Activity — Beneath this instruction is a block of data; output from it exactly the lines that run from the one containing "#73=DIRECTION('',(0.,0.,-1.));" through the one containing "#81=EDGE_CURVE('E254',#78,#66,#37,.T.);", inclusive.

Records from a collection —
──────────

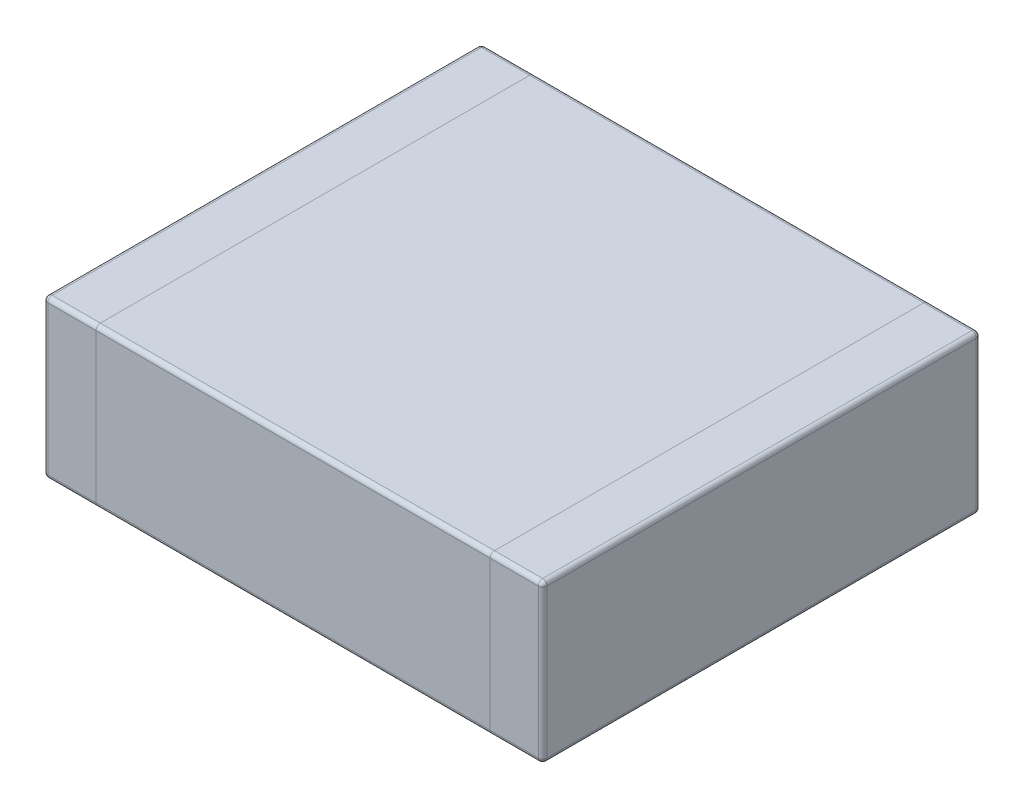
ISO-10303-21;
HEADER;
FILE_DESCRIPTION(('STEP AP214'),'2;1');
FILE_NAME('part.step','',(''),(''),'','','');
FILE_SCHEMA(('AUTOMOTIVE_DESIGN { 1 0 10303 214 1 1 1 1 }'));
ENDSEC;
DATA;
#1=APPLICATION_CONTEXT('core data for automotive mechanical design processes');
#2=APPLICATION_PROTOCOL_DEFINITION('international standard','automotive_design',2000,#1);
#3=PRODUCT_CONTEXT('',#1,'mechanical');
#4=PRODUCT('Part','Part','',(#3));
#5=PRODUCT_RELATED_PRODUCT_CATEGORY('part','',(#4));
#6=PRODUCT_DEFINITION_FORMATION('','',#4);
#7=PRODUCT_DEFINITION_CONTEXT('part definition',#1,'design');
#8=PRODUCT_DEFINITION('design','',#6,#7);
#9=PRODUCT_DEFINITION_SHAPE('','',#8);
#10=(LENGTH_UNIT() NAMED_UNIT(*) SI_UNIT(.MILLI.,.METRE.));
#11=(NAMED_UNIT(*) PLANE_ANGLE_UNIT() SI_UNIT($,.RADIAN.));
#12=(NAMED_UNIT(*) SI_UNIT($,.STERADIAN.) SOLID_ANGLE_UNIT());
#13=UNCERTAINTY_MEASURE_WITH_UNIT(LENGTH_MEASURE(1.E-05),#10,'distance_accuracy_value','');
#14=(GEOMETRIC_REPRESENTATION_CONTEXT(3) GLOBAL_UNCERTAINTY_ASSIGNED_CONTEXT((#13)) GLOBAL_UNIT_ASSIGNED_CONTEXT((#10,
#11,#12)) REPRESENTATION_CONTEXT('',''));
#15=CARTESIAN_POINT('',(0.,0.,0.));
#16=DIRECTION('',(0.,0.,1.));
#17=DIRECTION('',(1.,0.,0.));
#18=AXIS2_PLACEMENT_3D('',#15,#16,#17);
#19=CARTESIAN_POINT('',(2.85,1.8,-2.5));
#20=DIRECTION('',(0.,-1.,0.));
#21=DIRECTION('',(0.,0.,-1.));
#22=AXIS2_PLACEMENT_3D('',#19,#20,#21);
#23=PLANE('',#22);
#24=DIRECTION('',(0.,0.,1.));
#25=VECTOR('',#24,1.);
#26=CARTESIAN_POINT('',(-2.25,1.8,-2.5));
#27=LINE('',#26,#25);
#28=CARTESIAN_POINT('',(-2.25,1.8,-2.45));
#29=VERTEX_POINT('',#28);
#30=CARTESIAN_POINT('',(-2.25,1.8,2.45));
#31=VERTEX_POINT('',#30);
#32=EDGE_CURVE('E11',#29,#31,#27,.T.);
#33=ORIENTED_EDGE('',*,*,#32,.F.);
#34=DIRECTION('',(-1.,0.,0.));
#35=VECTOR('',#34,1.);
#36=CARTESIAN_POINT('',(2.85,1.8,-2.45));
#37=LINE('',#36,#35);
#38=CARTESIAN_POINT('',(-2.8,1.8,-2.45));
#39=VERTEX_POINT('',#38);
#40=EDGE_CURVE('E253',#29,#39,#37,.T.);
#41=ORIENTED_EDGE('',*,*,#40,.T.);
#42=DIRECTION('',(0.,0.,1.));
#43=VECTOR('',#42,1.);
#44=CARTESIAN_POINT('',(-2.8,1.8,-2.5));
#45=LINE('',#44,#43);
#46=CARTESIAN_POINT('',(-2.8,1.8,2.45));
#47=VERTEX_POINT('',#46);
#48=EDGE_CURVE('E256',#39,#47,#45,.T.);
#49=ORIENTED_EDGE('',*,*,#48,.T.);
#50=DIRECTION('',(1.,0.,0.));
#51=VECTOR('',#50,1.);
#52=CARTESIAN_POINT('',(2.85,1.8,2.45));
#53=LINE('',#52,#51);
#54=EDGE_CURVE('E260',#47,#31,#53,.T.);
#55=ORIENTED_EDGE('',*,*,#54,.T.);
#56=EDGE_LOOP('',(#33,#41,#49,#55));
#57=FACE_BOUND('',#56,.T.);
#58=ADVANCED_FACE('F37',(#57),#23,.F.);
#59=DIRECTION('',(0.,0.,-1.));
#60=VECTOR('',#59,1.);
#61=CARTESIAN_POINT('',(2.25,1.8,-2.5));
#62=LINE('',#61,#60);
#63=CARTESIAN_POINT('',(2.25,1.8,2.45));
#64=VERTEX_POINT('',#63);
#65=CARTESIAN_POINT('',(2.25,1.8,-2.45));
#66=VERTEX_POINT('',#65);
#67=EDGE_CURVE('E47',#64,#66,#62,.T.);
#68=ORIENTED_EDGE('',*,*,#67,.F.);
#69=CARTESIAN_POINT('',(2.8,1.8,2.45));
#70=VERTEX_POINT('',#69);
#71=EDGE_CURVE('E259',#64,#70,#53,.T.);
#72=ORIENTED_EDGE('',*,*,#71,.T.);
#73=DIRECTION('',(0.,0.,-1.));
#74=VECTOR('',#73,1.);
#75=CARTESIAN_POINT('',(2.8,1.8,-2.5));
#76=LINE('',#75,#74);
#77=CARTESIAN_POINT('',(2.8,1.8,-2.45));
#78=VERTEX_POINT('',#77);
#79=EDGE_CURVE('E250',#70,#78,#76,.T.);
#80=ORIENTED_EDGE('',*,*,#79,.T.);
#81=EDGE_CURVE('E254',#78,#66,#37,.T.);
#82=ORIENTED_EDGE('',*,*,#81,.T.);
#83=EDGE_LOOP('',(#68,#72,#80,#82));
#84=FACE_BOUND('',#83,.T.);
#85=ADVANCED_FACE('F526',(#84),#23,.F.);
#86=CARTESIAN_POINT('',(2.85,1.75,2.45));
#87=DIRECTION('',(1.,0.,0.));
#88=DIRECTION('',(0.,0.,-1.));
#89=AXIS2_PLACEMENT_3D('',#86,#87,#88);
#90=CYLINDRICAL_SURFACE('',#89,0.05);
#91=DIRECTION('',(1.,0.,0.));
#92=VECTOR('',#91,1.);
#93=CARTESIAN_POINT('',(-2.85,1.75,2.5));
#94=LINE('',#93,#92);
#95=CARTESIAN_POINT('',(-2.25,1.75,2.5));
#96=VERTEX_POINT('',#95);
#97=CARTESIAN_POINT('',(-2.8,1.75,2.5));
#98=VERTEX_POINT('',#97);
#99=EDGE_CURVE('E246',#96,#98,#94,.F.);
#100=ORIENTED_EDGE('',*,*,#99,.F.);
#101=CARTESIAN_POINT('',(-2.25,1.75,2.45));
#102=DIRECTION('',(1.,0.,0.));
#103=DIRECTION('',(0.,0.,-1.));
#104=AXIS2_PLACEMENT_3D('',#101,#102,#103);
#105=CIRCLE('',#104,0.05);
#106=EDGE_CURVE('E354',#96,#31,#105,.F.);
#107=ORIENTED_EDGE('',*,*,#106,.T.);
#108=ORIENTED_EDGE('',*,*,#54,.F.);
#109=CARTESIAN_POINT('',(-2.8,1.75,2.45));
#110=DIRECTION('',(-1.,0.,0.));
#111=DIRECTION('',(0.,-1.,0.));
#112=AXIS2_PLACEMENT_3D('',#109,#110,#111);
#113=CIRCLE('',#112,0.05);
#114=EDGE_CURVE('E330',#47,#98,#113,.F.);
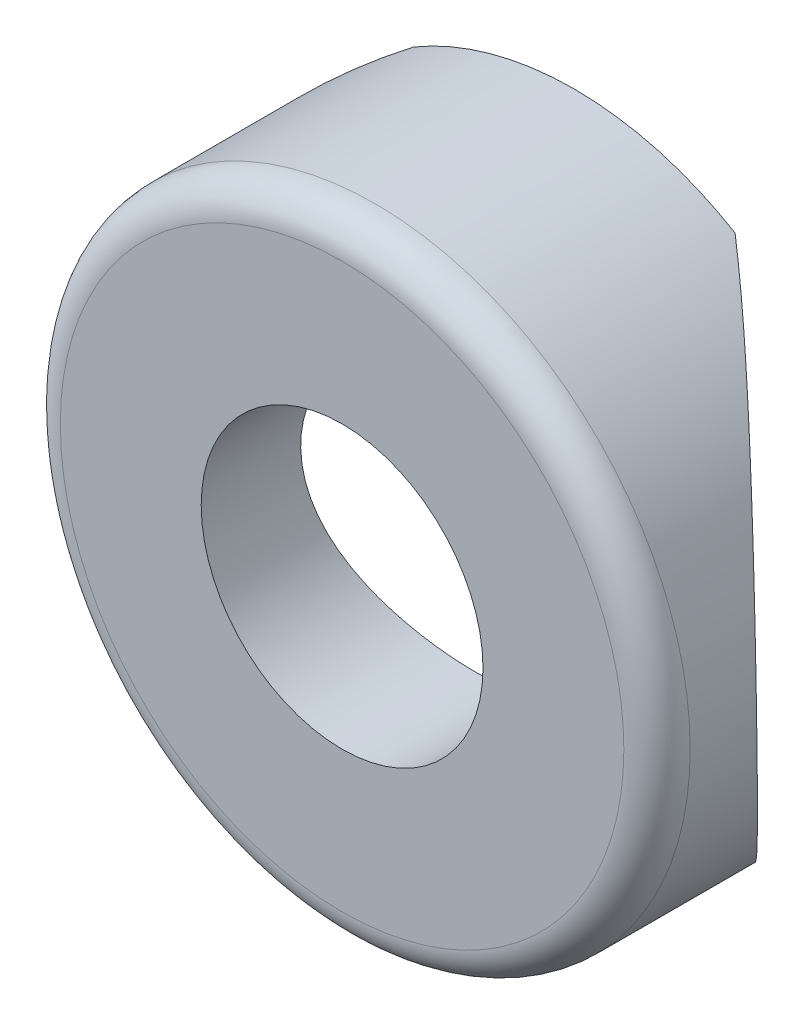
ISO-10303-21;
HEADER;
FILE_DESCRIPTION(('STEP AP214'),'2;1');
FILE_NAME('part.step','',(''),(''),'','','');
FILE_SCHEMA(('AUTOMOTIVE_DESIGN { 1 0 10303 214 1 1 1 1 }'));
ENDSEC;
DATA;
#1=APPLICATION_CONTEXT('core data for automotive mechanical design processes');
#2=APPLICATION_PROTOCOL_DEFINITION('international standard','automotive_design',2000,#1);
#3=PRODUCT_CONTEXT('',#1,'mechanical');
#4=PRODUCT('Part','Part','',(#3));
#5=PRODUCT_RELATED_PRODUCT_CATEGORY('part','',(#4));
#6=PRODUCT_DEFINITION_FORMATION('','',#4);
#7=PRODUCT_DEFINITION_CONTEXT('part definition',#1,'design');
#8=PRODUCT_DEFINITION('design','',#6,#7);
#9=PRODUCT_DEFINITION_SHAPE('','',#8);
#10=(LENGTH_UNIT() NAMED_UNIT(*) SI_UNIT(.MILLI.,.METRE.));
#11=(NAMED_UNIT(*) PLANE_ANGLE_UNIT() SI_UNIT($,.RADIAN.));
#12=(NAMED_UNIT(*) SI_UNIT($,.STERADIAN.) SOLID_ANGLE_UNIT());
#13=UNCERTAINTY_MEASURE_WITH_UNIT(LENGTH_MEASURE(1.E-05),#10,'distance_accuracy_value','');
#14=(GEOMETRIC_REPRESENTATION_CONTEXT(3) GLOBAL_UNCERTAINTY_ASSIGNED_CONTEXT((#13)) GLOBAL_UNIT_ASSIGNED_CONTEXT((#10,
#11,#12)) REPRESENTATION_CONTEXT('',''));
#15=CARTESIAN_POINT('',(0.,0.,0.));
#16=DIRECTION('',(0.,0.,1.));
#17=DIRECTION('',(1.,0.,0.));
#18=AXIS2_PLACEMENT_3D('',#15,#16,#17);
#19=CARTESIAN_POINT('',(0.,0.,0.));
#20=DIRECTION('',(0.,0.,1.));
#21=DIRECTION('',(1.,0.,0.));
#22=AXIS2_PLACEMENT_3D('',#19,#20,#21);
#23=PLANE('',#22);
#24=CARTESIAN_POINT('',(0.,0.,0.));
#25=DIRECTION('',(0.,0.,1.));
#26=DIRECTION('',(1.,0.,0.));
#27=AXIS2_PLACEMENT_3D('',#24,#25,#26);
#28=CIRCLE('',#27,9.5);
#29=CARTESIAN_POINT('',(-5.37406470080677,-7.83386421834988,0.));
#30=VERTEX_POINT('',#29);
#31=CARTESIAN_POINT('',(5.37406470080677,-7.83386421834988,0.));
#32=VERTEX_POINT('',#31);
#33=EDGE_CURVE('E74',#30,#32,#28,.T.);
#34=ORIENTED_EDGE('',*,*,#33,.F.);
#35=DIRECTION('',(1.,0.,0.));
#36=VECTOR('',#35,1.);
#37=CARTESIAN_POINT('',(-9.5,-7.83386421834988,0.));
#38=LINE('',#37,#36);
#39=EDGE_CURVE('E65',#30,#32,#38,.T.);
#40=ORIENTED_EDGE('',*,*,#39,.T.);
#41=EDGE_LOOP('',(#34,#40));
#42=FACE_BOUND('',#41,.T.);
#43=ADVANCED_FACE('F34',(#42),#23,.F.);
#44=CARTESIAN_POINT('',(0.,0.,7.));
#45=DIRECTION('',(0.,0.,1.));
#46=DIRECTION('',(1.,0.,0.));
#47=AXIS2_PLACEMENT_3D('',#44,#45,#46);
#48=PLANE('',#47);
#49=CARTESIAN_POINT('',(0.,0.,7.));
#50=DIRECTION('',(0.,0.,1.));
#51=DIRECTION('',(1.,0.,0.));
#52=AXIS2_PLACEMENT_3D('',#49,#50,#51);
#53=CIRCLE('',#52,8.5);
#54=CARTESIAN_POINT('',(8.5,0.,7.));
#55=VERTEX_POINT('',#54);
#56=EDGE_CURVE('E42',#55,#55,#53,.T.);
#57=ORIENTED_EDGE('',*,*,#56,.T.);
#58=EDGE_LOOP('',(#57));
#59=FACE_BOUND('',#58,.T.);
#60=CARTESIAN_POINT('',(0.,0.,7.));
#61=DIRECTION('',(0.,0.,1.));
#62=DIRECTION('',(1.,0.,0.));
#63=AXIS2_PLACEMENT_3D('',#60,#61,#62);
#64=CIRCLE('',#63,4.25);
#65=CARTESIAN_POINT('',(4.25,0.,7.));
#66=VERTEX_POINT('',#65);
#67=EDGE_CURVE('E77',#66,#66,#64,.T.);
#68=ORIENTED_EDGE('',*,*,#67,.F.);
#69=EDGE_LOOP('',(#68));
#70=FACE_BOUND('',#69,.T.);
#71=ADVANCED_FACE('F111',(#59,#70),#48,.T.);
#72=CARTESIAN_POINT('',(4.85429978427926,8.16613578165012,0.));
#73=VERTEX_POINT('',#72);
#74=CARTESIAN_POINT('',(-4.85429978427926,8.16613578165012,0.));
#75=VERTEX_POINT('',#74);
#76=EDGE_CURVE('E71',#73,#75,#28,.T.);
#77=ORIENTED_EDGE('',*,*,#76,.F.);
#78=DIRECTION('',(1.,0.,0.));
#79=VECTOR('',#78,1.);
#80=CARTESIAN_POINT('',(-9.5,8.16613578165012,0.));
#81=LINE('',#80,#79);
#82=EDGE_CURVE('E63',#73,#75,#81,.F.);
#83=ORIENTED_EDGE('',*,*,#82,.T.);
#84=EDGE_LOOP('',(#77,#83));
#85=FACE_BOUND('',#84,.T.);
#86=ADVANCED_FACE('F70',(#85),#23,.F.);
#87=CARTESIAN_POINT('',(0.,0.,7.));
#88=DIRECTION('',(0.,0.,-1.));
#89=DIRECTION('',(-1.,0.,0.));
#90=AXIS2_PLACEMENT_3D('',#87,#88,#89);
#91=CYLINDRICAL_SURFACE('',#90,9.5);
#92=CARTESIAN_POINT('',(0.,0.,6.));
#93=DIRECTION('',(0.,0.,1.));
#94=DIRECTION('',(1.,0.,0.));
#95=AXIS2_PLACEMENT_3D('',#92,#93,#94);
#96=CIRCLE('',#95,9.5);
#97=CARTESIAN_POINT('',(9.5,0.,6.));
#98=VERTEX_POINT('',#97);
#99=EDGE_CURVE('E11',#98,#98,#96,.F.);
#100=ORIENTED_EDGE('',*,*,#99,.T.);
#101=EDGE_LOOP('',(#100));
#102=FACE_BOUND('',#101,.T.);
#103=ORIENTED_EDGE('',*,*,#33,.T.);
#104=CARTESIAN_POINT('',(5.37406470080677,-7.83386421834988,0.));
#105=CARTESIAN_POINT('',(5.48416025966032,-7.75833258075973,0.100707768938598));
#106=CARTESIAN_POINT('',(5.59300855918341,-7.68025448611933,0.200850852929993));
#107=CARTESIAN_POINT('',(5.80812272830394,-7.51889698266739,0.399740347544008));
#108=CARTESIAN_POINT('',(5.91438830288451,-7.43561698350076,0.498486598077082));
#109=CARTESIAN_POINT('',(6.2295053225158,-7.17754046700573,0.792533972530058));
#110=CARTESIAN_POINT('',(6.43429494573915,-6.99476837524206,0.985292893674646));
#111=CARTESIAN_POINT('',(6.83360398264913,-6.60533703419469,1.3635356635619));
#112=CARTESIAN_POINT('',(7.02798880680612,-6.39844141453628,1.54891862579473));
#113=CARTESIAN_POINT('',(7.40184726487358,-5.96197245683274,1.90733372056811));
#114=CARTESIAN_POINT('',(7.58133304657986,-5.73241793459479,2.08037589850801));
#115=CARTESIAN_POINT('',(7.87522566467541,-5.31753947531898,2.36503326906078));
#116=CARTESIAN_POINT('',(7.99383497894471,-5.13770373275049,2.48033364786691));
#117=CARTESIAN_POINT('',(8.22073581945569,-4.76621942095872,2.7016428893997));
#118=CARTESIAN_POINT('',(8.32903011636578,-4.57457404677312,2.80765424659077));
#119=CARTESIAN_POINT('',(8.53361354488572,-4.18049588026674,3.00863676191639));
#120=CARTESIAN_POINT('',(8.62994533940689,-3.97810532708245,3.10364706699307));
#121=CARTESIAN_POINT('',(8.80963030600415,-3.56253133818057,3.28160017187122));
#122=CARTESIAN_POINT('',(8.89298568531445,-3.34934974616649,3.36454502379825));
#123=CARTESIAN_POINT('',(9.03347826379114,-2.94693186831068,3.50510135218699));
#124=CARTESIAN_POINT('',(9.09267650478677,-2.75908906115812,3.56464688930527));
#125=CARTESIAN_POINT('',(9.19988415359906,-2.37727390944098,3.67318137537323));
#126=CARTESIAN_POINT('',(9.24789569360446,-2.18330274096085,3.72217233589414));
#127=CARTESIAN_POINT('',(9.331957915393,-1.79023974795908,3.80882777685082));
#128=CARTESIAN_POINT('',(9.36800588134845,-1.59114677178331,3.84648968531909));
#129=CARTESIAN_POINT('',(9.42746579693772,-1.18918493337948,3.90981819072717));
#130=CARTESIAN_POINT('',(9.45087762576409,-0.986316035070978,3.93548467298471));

──────────

Exercise output —
#73=DIRECTION('',(0.,0.,-1.));
#74=VECTOR('',#73,1.);
#75=CARTESIAN_POINT('',(2.8,1.8,-2.5));
#76=LINE('',#75,#74);
#77=CARTESIAN_POINT('',(2.8,1.8,-2.45));
#78=VERTEX_POINT('',#77);
#79=EDGE_CURVE('E250',#70,#78,#76,.T.);
#80=ORIENTED_EDGE('',*,*,#79,.T.);
#81=EDGE_CURVE('E254',#78,#66,#37,.T.);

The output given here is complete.